Читать книгу La Suisse entre quatre grandes puissances - Dimitry Queloz - Страница 34
4.2. Les méthodes de travail
ОглавлениеLa méthode de travail employée consistait avant tout à analyser les possibilités de l’adversaire potentiel, plutôt que ses intentions.114 L’importance accordée à la géographie militaire, avec un accent mis sur l’étude des lignes de communication, les sources employées et les moyens à disposition pour obtenir des renseignements, sont en grande partie responsables de ces pratiques. L’Etat-major général se basait en effet sur des publications diverses, livres, actes législatifs ou périodiques, traitant des questions militaires et politiques. Il employait également les rapports des officiers envoyés ponctuellement à l’étranger, pour assister aux grandes manœuvres ou pour effectuer des reconnaissances spéciales.
Ces sources présentaient un grand intérêt, mais aucune d’entre elles ne permettait d’obtenir des renseignements précis et continuels offrant la possibilité de saisir les intentions des principaux dirigeants politiques et militaires des pays voisins. Les méthodes employées pour pallier ces carences donnèrent peu de résultats. La prise en compte de déclarations publiques ou d’écrits de personnages de seconde importance contribua le plus souvent à fausser les analyses de l’Etat-major général. Quant à la méthode historique, son emploi ne fut pas des plus judicieux. Dans les études sur la menace française, par exemple, le souvenir des ambitions expansionnistes des périodes impériales plomba littéralement la réflexion de l’institution. Dans la deuxième partie de notre étude, nous en verrons quelques exemples, ainsi que les problèmes qui en découlèrent pour la planification de la mobilisation et de la concentration de l’armée.

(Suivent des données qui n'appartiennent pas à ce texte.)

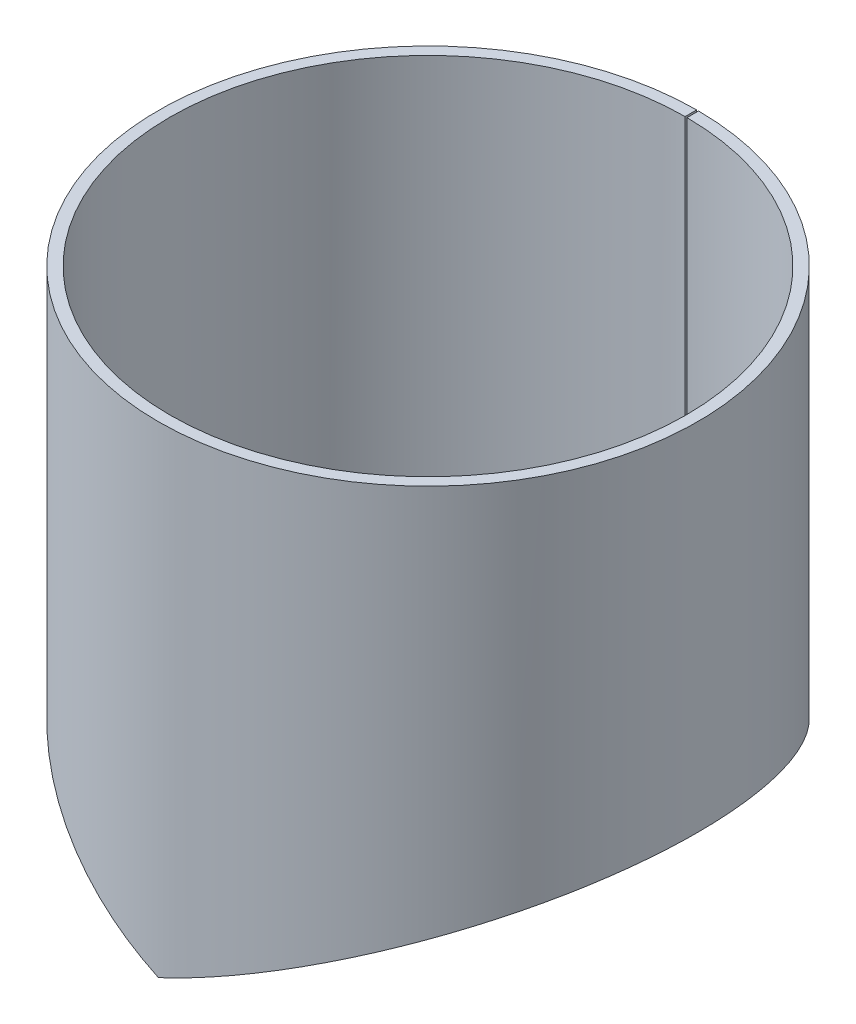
ISO-10303-21;
HEADER;
FILE_DESCRIPTION(('STEP AP214'),'2;1');
FILE_NAME('part.step','',(''),(''),'','','');
FILE_SCHEMA(('AUTOMOTIVE_DESIGN { 1 0 10303 214 1 1 1 1 }'));
ENDSEC;
DATA;
#1=APPLICATION_CONTEXT('core data for automotive mechanical design processes');
#2=APPLICATION_PROTOCOL_DEFINITION('international standard','automotive_design',2000,#1);
#3=PRODUCT_CONTEXT('',#1,'mechanical');
#4=PRODUCT('Part','Part','',(#3));
#5=PRODUCT_RELATED_PRODUCT_CATEGORY('part','',(#4));
#6=PRODUCT_DEFINITION_FORMATION('','',#4);
#7=PRODUCT_DEFINITION_CONTEXT('part definition',#1,'design');
#8=PRODUCT_DEFINITION('design','',#6,#7);
#9=PRODUCT_DEFINITION_SHAPE('','',#8);
#10=(LENGTH_UNIT() NAMED_UNIT(*) SI_UNIT(.MILLI.,.METRE.));
#11=(NAMED_UNIT(*) PLANE_ANGLE_UNIT() SI_UNIT($,.RADIAN.));
#12=(NAMED_UNIT(*) SI_UNIT($,.STERADIAN.) SOLID_ANGLE_UNIT());
#13=UNCERTAINTY_MEASURE_WITH_UNIT(LENGTH_MEASURE(1.E-05),#10,'distance_accuracy_value','');
#14=(GEOMETRIC_REPRESENTATION_CONTEXT(3) GLOBAL_UNCERTAINTY_ASSIGNED_CONTEXT((#13)) GLOBAL_UNIT_ASSIGNED_CONTEXT((#10,
#11,#12)) REPRESENTATION_CONTEXT('',''));
#15=CARTESIAN_POINT('',(0.,0.,0.));
#16=DIRECTION('',(0.,0.,1.));
#17=DIRECTION('',(1.,0.,0.));
#18=AXIS2_PLACEMENT_3D('',#15,#16,#17);
#19=CARTESIAN_POINT('',(0.,250.,0.));
#20=DIRECTION('',(0.,-1.,0.));
#21=DIRECTION('',(0.,0.,-1.));
#22=AXIS2_PLACEMENT_3D('',#19,#20,#21);
#23=PLANE('',#22);
#24=DIRECTION('',(0.00357142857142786,0.,-0.999993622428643));
#25=VECTOR('',#24,1.);
#26=CARTESIAN_POINT('',(0.478571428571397,250.,-133.999145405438));
#27=LINE('',#26,#25);
#28=CARTESIAN_POINT('',(0.478571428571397,250.,-133.999145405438));
#29=VERTEX_POINT('',#28);
#30=CARTESIAN_POINT('',(0.499999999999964,250.,-139.99910714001));
#31=VERTEX_POINT('',#30);
#32=EDGE_CURVE('E13',#29,#31,#27,.T.);
#33=ORIENTED_EDGE('',*,*,#32,.F.);
#34=CARTESIAN_POINT('',(0.,250.,0.));
#35=DIRECTION('',(0.,1.,0.));
#36=DIRECTION('',(0.,0.,1.));
#37=AXIS2_PLACEMENT_3D('',#34,#35,#36);
#38=CIRCLE('',#37,134.);
#39=CARTESIAN_POINT('',(-0.478571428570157,250.,-133.999145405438));
#40=VERTEX_POINT('',#39);
#41=EDGE_CURVE('E98',#40,#29,#38,.T.);
#42=ORIENTED_EDGE('',*,*,#41,.F.);
#43=DIRECTION('',(-0.00357142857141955,0.,-0.999993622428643));
#44=VECTOR('',#43,1.);
#45=CARTESIAN_POINT('',(-0.478571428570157,250.,-133.999145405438));
#46=LINE('',#45,#44);
#47=CARTESIAN_POINT('',(-0.499999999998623,250.,-139.99910714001));
#48=VERTEX_POINT('',#47);
#49=EDGE_CURVE('E50',#40,#48,#46,.T.);
#50=ORIENTED_EDGE('',*,*,#49,.T.);
#51=CARTESIAN_POINT('',(0.,250.,0.));
#52=DIRECTION('',(0.,1.,0.));
#53=DIRECTION('',(0.,0.,1.));
#54=AXIS2_PLACEMENT_3D('',#51,#52,#53);
#55=CIRCLE('',#54,140.);
#56=EDGE_CURVE('E97',#48,#31,#55,.T.);
#57=ORIENTED_EDGE('',*,*,#56,.T.);
#58=EDGE_LOOP('',(#33,#42,#50,#57));
#59=FACE_BOUND('',#58,.T.);
#60=ADVANCED_FACE('F38',(#59),#23,.F.);
#61=CARTESIAN_POINT('',(-0.478571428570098,125.116576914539,-133.999145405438));
#62=DIRECTION('',(-0.999993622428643,0.,0.00357142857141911));
#63=DIRECTION('',(0.,1.,0.));
#64=AXIS2_PLACEMENT_3D('',#61,#62,#63);
#65=PLANE('',#64);
#66=ORIENTED_EDGE('',*,*,#49,.F.);
#67=DIRECTION('',(0.,1.,0.));
#68=VECTOR('',#67,1.);
#69=CARTESIAN_POINT('',(-0.478571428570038,0.233153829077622,-133.999145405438));
#70=LINE('',#69,#68);
#71=CARTESIAN_POINT('',(-0.478571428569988,0.233153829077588,-133.999145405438));
#72=VERTEX_POINT('',#71);
#73=EDGE_CURVE('E130',#72,#40,#70,.T.);
#74=ORIENTED_EDGE('',*,*,#73,.F.);
#75=CARTESIAN_POINT('',(-0.499999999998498,0.233153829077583,-139.99910714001));
#76=CARTESIAN_POINT('',(-0.478571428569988,0.233153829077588,-133.999145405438));
#77=B_SPLINE_CURVE_WITH_KNOTS('',1,(#75,#76),.UNSPECIFIED.,.F.,.F.,(2,2),(0.,1.),.UNSPECIFIED.);
#78=CARTESIAN_POINT('',(-0.49999999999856,0.233153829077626,-139.99910714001));
#79=VERTEX_POINT('',#78);
#80=EDGE_CURVE('E90',#72,#79,#77,.F.);
#81=ORIENTED_EDGE('',*,*,#80,.T.);
#82=DIRECTION('',(0.,1.,0.));
#83=VECTOR('',#82,1.);
#84=CARTESIAN_POINT('',(-0.49999999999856,-877.190197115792,-139.999107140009));
#85=LINE('',#84,#83);
#86=EDGE_CURVE('E106',#79,#48,#85,.T.);
#87=ORIENTED_EDGE('',*,*,#86,.T.);
#88=EDGE_LOOP('',(#66,#74,#81,#87));
#89=FACE_BOUND('',#88,.T.);
#90=ADVANCED_FACE('F110',(#89),#65,.F.);
#91=CARTESIAN_POINT('',(-0.499999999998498,0.233153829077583,-139.99910714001));
#92=CARTESIAN_POINT('',(-4.36574562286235,2.03577303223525,-139.985300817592));
#93=CARTESIAN_POINT('',(-7.60783686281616,3.54703664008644,-139.817757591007));
#94=CARTESIAN_POINT('',(-10.8788741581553,5.07266025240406,-139.578223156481));
#95=CARTESIAN_POINT('',(-11.4940490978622,5.35959987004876,-139.528568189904));
#96=CARTESIAN_POINT('',(-12.6464714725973,5.89710889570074,-139.428839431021));
#97=CARTESIAN_POINT('',(-13.1779037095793,6.14495809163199,-139.379340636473));
#98=CARTESIAN_POINT('',(-14.6936620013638,6.85176394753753,-139.230482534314));
#99=CARTESIAN_POINT('',(-15.6821465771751,7.31266711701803,-139.122311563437));
#100=CARTESIAN_POINT('',(-18.5813013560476,8.66447442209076,-138.775085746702));
#101=CARTESIAN_POINT('',(-20.4256314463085,9.5244763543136,-138.513377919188));
#102=CARTESIAN_POINT('',(-23.059359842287,10.7526748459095,-138.090754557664));
#103=CARTESIAN_POINT('',(-23.9151523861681,11.1517736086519,-137.944854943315));
#104=CARTESIAN_POINT('',(-25.5826010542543,11.9293696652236,-137.645370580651));
#105=CARTESIAN_POINT('',(-26.3902828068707,12.3060025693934,-137.492592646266));
#106=CARTESIAN_POINT('',(-30.3751521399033,14.1641108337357,-136.703734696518));
#107=CARTESIAN_POINT('',(-33.403088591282,15.5759855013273,-135.989148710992));
#108=CARTESIAN_POINT('',(-37.7045156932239,17.5818795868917,-134.835355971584));
#109=CARTESIAN_POINT('',(-39.0933667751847,18.2295403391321,-134.438595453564));
#110=CARTESIAN_POINT('',(-41.8195239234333,19.5007412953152,-133.615697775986));
#111=CARTESIAN_POINT('',(-43.1576506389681,20.124691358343,-133.189094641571));
#112=CARTESIAN_POINT('',(-47.0969594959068,21.9615903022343,-131.869433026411));
#113=CARTESIAN_POINT('',(-49.6198217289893,23.1381240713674,-130.937862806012));
#114=CARTESIAN_POINT('',(-54.4793340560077,25.4040981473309,-128.991677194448));
#115=CARTESIAN_POINT('',(-56.8416818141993,26.5054101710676,-127.966517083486));
#116=CARTESIAN_POINT('',(-63.7242273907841,29.7143211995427,-124.759159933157));
#117=CARTESIAN_POINT('',(-68.0393458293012,31.7268951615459,-122.44548428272));
#118=CARTESIAN_POINT('',(-74.1047908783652,34.5557060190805,-118.802534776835));
#119=CARTESIAN_POINT('',(-76.0542071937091,35.4646326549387,-117.562762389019));
#120=CARTESIAN_POINT('',(-79.8589872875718,37.2385130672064,-115.012119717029));
#121=CARTESIAN_POINT('',(-81.7107958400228,38.1018598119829,-113.703039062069));
#122=CARTESIAN_POINT('',(-87.1137691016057,40.6211196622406,-109.687429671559));
#123=CARTESIAN_POINT('',(-90.5122186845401,42.2062523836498,-106.892696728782));
#124=CARTESIAN_POINT('',(-95.3068781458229,44.4423906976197,-102.573030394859));
#125=CARTESIAN_POINT('',(-96.8524521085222,45.1630548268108,-101.114113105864));
#126=CARTESIAN_POINT('',(-99.8587091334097,46.5646665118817,-98.1463170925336));
#127=CARTESIAN_POINT('',(-101.318646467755,47.2453131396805,-96.6378809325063));
#128=CARTESIAN_POINT('',(-105.568376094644,49.2267753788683,-92.0473279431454));
#129=CARTESIAN_POINT('',(-108.227936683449,50.4671133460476,-88.9000462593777));
#130=CARTESIAN_POINT('',(-113.200949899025,52.7865155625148,-82.4745381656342));
#131=CARTESIAN_POINT('',(-115.511276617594,53.8637538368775,-79.201924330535));
#132=CARTESIAN_POINT('',(-119.819000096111,55.8721134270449,-72.5203906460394));
#133=CARTESIAN_POINT('',(-121.81325069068,56.8019770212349,-69.1146233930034));
#134=CARTESIAN_POINT('',(-127.316624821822,59.368619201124,-58.7509479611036));
#135=CARTESIAN_POINT('',(-130.343478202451,60.7798517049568,-51.6607389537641));
#136=CARTESIAN_POINT('',(-133.976199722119,62.4736881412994,-40.8036943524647));
#137=CARTESIAN_POINT('',(-135.033721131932,62.9669704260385,-37.1510848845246));
#138=CARTESIAN_POINT('',(-136.842838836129,63.8108752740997,-29.8051406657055));
#139=CARTESIAN_POINT('',(-137.594356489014,64.1612737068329,-26.1140832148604));
#140=CARTESIAN_POINT('',(-139.400141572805,65.0029498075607,-14.9736317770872));
#141=CARTESIAN_POINT('',(-140.000678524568,65.2833627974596,-7.47006062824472));
#142=CARTESIAN_POINT('',(-139.999320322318,65.2827799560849,7.4954721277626));
#143=CARTESIAN_POINT('',(-139.397578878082,65.001733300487,14.9978985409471));
#144=CARTESIAN_POINT('',(-137.589582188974,64.1590248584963,26.1392877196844));
#145=CARTESIAN_POINT('',(-136.837302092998,63.8083112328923,29.8305305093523));
#146=CARTESIAN_POINT('',(-135.026902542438,62.9638206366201,37.1758440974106));
#147=CARTESIAN_POINT('',(-133.968688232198,62.4701954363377,40.8283882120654));
#148=CARTESIAN_POINT('',(-130.3335413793,60.7751801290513,51.6859249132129));
#149=CARTESIAN_POINT('',(-127.304962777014,59.3632266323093,58.7763117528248));
#150=CARTESIAN_POINT('',(-121.79895250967,56.7953163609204,69.1398384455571));
#151=CARTESIAN_POINT('',(-119.803628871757,55.8649259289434,72.5458425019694));
#152=CARTESIAN_POINT('',(-115.493218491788,53.8553043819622,79.2283108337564));
#153=CARTESIAN_POINT('',(-113.181894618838,52.777656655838,82.5006965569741));
#154=CARTESIAN_POINT('',(-108.20713131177,50.4574456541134,88.9253784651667));
#155=CARTESIAN_POINT('',(-105.546347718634,49.21650568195,92.0726469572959));
#156=CARTESIAN_POINT('',(-101.294103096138,47.2338440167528,96.6636210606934));
#157=CARTESIAN_POINT('',(-99.8332142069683,46.5527481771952,98.1722706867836));
#158=CARTESIAN_POINT('',(-96.8248039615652,45.1501392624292,101.140608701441));
#159=CARTESIAN_POINT('',(-95.2788333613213,44.4293246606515,102.599078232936));
#160=CARTESIAN_POINT('',(-90.4833322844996,42.1928382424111,106.91713773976));
#161=CARTESIAN_POINT('',(-87.0836953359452,40.6071201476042,109.711368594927));
#162=CARTESIAN_POINT('',(-81.6777805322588,38.0864522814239,113.726772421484));
#163=CARTESIAN_POINT('',(-79.8247984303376,37.2225478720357,115.03587509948));
#164=CARTESIAN_POINT('',(-76.0172539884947,35.4473754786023,117.586683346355));
#165=CARTESIAN_POINT('',(-74.0675271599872,34.5383372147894,118.825755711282));
#166=CARTESIAN_POINT('',(-68.0028686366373,31.7099273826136,122.465689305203));
#167=CARTESIAN_POINT('',(-63.6864724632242,29.6966918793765,124.77855747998));
#168=CARTESIAN_POINT('',(-56.7988542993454,26.4853952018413,127.985561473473));
#169=CARTESIAN_POINT('',(-54.4342909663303,25.3830557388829,129.010744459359));
#170=CARTESIAN_POINT('',(-49.5692431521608,23.1145623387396,130.957070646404));
#171=CARTESIAN_POINT('',(-47.0491498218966,21.9392995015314,131.886527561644));
#172=CARTESIAN_POINT('',(-43.1073751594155,20.1012406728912,133.205382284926));
#173=CARTESIAN_POINT('',(-41.7680662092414,19.4767374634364,133.631807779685));
#174=CARTESIAN_POINT('',(-39.0388066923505,18.2040971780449,134.454464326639));
#175=CARTESIAN_POINT('',(-37.650988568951,17.5569310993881,134.850308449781));
#176=CARTESIAN_POINT('',(-33.3501751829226,15.5513195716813,136.002118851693));
#177=CARTESIAN_POINT('',(-30.3190796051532,14.1379434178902,136.716341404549));
#178=CARTESIAN_POINT('',(-26.3256223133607,12.2758459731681,137.504997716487));
#179=CARTESIAN_POINT('',(-25.5196620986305,11.9000284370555,137.657044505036));
#180=CARTESIAN_POINT('',(-23.8549449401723,11.1237141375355,137.955270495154));
#181=CARTESIAN_POINT('',(-22.9995918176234,10.724818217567,138.100724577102));
#182=CARTESIAN_POINT('',(-20.3643773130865,9.49591414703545,138.522408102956));
#183=CARTESIAN_POINT('',(-18.5153154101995,8.63368968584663,138.784023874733));
#184=CARTESIAN_POINT('',(-15.6033757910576,7.27592037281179,139.131197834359));
#185=CARTESIAN_POINT('',(-14.6096821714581,6.81259183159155,139.239364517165));
#186=CARTESIAN_POINT('',(-13.3388509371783,6.22000769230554,139.363339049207));
#187=CARTESIAN_POINT('',(-13.0864386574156,6.10231071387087,139.387282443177));
#188=CARTESIAN_POINT('',(-12.5618380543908,5.85766956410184,139.435539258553));
#189=CARTESIAN_POINT('',(-12.288086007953,5.72999523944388,139.459975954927));
#190=CARTESIAN_POINT('',(-11.4324351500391,5.33091101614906,139.533606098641));
#191=CARTESIAN_POINT('',(-10.8161398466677,5.04343986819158,139.583136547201));
#192=CARTESIAN_POINT('',(-7.50490769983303,3.49900913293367,139.823927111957));
#193=CARTESIAN_POINT('',(-4.11976621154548,1.92107434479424,140.));
#194=CARTESIAN_POINT('',(0.,0.,140.));
#195=CARTESIAN_POINT('',(-0.478571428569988,0.233153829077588,-133.999145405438));
#196=CARTESIAN_POINT('',(-4.1786357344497,2.03576986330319,-133.985930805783));
#197=CARTESIAN_POINT('',(-7.28178671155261,3.54703664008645,-133.825567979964));
#198=CARTESIAN_POINT('',(-10.4126366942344,5.07266025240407,-133.596299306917));
#199=CARTESIAN_POINT('',(-11.0014469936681,5.35959987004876,-133.548772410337));
#200=CARTESIAN_POINT('',(-12.1044798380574,5.89710889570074,-133.45331774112));
#201=CARTESIAN_POINT('',(-12.6131364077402,6.144958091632,-133.405940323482));
#202=CARTESIAN_POINT('',(-14.0639336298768,6.85176394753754,-133.263461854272));
#203=CARTESIAN_POINT('',(-15.0100545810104,7.31266711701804,-133.159926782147));
#204=CARTESIAN_POINT('',(-17.7849598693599,8.66447442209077,-132.827582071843));
#205=CARTESIAN_POINT('',(-19.5502472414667,9.52447635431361,-132.57709029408));
#206=CARTESIAN_POINT('',(-22.0711015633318,10.7526748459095,-132.172579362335));
#207=CARTESIAN_POINT('',(-22.8902172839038,11.1517736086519,-132.032932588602));
#208=CARTESIAN_POINT('',(-24.4862038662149,11.9293696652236,-131.746283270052));
#209=CARTESIAN_POINT('',(-25.2592706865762,12.3060025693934,-131.600052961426));
#210=CARTESIAN_POINT('',(-29.073359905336,14.1641108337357,-130.845003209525));
#211=CARTESIAN_POINT('',(-31.9715276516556,15.5759855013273,-130.161042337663));
#212=CARTESIAN_POINT('',(-36.0886078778,17.5818795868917,-129.056697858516));
#213=CARTESIAN_POINT('',(-37.4179367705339,18.2295403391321,-128.676941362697));
#214=CARTESIAN_POINT('',(-40.027258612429,19.5007412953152,-127.889310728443));
#215=CARTESIAN_POINT('',(-41.3080370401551,20.124691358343,-127.480990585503));
#216=CARTESIAN_POINT('',(-45.0785183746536,21.9615903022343,-126.217885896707));
#217=CARTESIAN_POINT('',(-47.493257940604,23.1381240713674,-125.326240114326));
#218=CARTESIAN_POINT('',(-52.1445054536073,25.4040981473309,-123.463462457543));
#219=CARTESIAN_POINT('',(-54.4056097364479,26.5054101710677,-122.482237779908));
#220=CARTESIAN_POINT('',(-60.9931890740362,29.7143211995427,-119.412338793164));
#221=CARTESIAN_POINT('',(-65.1233738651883,31.7268951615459,-117.197820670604));
#222=CARTESIAN_POINT('',(-70.9288712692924,34.5557060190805,-113.710997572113));
#223=CARTESIAN_POINT('',(-72.7947411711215,35.4646326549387,-112.524358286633));
#224=CARTESIAN_POINT('',(-76.4364592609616,37.2385130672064,-110.083028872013));
#225=CARTESIAN_POINT('',(-78.2089045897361,38.1018598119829,-108.830051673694));
#226=CARTESIAN_POINT('',(-83.380321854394,40.6211196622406,-104.986539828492));
#227=CARTESIAN_POINT('',(-86.6331235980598,42.2062523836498,-102.311581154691));
#228=CARTESIAN_POINT('',(-91.222297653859,44.4423906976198,-98.177043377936));
#229=CARTESIAN_POINT('',(-92.7016327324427,45.1630548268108,-96.7806511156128));
#230=CARTESIAN_POINT('',(-95.5790501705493,46.5646665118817,-93.9400463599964));
#231=CARTESIAN_POINT('',(-96.9764187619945,47.2453131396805,-92.4962574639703));
#232=CARTESIAN_POINT('',(-101.044017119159,49.2267753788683,-88.1024424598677));
#233=CARTESIAN_POINT('',(-103.589596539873,50.4671133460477,-85.0900442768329));
#234=CARTESIAN_POINT('',(-108.349480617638,52.7865155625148,-78.9399151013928));
#235=CARTESIAN_POINT('',(-110.560793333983,53.8637538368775,-75.8075561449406));
#236=CARTESIAN_POINT('',(-114.683900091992,55.8721134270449,-69.4123739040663));
#237=CARTESIAN_POINT('',(-116.592682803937,56.8019770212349,-66.1525681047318));
#238=CARTESIAN_POINT('',(-121.860198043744,59.368619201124,-56.233050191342));
#239=CARTESIAN_POINT('',(-124.757329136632,60.7798517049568,-49.4467072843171));
#240=CARTESIAN_POINT('',(-128.234362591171,62.4736881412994,-39.0549645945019));
#241=CARTESIAN_POINT('',(-129.246561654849,62.9669704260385,-35.5588955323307));
#242=CARTESIAN_POINT('',(-130.978145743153,63.8108752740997,-28.5277774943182));
#243=CARTESIAN_POINT('',(-131.697455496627,64.1612737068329,-24.9949082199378));
#244=CARTESIAN_POINT('',(-133.425849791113,65.0029498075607,-14.3319047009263));
#245=CARTESIAN_POINT('',(-134.000649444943,65.2833627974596,-7.14991517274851));
#246=CARTESIAN_POINT('',(-133.999349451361,65.2827799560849,7.17423760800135));
#247=CARTESIAN_POINT('',(-133.423396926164,65.001733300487,14.3551314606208));
#248=CARTESIAN_POINT('',(-131.692885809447,64.1590248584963,25.0190325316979));
#249=CARTESIAN_POINT('',(-130.972846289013,63.8083112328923,28.5520792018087));
#250=CARTESIAN_POINT('',(-129.240035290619,62.9638206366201,35.582593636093));
#251=CARTESIAN_POINT('',(-128.227173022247,62.4701954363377,39.0786001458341));
#252=CARTESIAN_POINT('',(-124.74781817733,60.7751801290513,49.4708138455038));
#253=CARTESIAN_POINT('',(-121.849035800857,59.3632266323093,56.2573269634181));
#254=CARTESIAN_POINT('',(-116.578997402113,56.7953163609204,66.1767025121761));
#255=CARTESIAN_POINT('',(-114.669187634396,55.8649259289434,69.4367349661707));
#256=CARTESIAN_POINT('',(-110.543509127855,53.8553043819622,75.832811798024));
#257=CARTESIAN_POINT('',(-108.331241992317,52.777656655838,78.9649524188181));
#258=CARTESIAN_POINT('',(-103.56968282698,50.4574456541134,85.1142908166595));
#259=CARTESIAN_POINT('',(-101.022932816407,49.2165056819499,88.1266763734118));
#260=CARTESIAN_POINT('',(-96.952927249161,47.2338440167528,92.5208944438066));
#261=CARTESIAN_POINT('',(-95.5546478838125,46.5527481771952,93.96488765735));
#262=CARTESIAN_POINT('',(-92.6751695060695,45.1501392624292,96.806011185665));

Les insuffisances du Service de renseignements étaient connues de l’Etat-major général et tant Pfyffer que Keller ont cherché à y remédier.115 Les difficultés pour parvenir à mettre sur pied un service véritablement efficace étaient nombreuses. La première résidait dans le manque de moyens à disposition. Outre l’aspect financier, c’était l’absence d’une structure permanente, organisée dès le temps de paix avec un personnel suffisant, qui était soulignée. Keller le regrettait d’autant qu’il considérait que le renseignement était un domaine de la défense plus difficile à organiser que les autres. De la faiblesse de la structure et de sa jeunesse découlaient des problèmes d’organisation, de méthodes et de possibilité de travail. L’Etat-major général mit du temps à se constituer une banque de données utilisable pour ses activités. L’archivage et le classement des documents selon des critères fonctionnels n’allaient pas de soi. Jusqu’en 1875, moment de la réorganisation de l’Etat-major général par Siegfried, les mémoires concernant la géographie militaire, réalisés dans le cadre de l’institution, étaient rangés dans l’ordre où ils avaient été écrits.116 A partir de cette date, les suivants ont été classés par secteurs géographiques. Par ailleurs, même les documents présentant la plus haute importance n’étaient pas systématiquement conservés. Ainsi, lorsqu’en 1895 Keller voulut se documenter sur le problème de la neutralisation de la Savoie, il ne retrouva pas les plans d’occupation élaborés par le général Herzog au cours de l’hiver 1870–1871 et il dut faire recopier le manuscrit qui se trouvait entre les mains de la famille de ce dernier.117
Le deuxième problème était lié au faible développement des réseaux d’agents en Suisse et à l’étranger. A la fin du XIXe siècle, la Suisse ne possédait pas de véritable réseau diplomatique dont le personnel aurait pu être employé en tant qu’agents de renseignement.118 Elle n’entretenait qu’un nombre restreint de diplomates, consuls ou ministres, et ne disposait pas d’attachés militaires. Les renseignements fournis par ces personnes ne présentaient, le plus souvent, qu’un intérêt très limité au point de vue militaire même si, à certaines occasions, ils purent avoir une importance significative. Enfin, se posait un dernier problème, d’ordre culturel. La Suisse ne possédait aucune culture politique en matière de renseignements et ne comprenait pas les pratiques des services des grandes puissances, notamment le secret des activités. A l’instar de ce qui se passait dans le domaine de la diplomatie, peu de dirigeants suisses comprenaient que, pour être efficace, un service de renseignements helvétique devait être constitué selon les mêmes principes que ceux des grands Etats.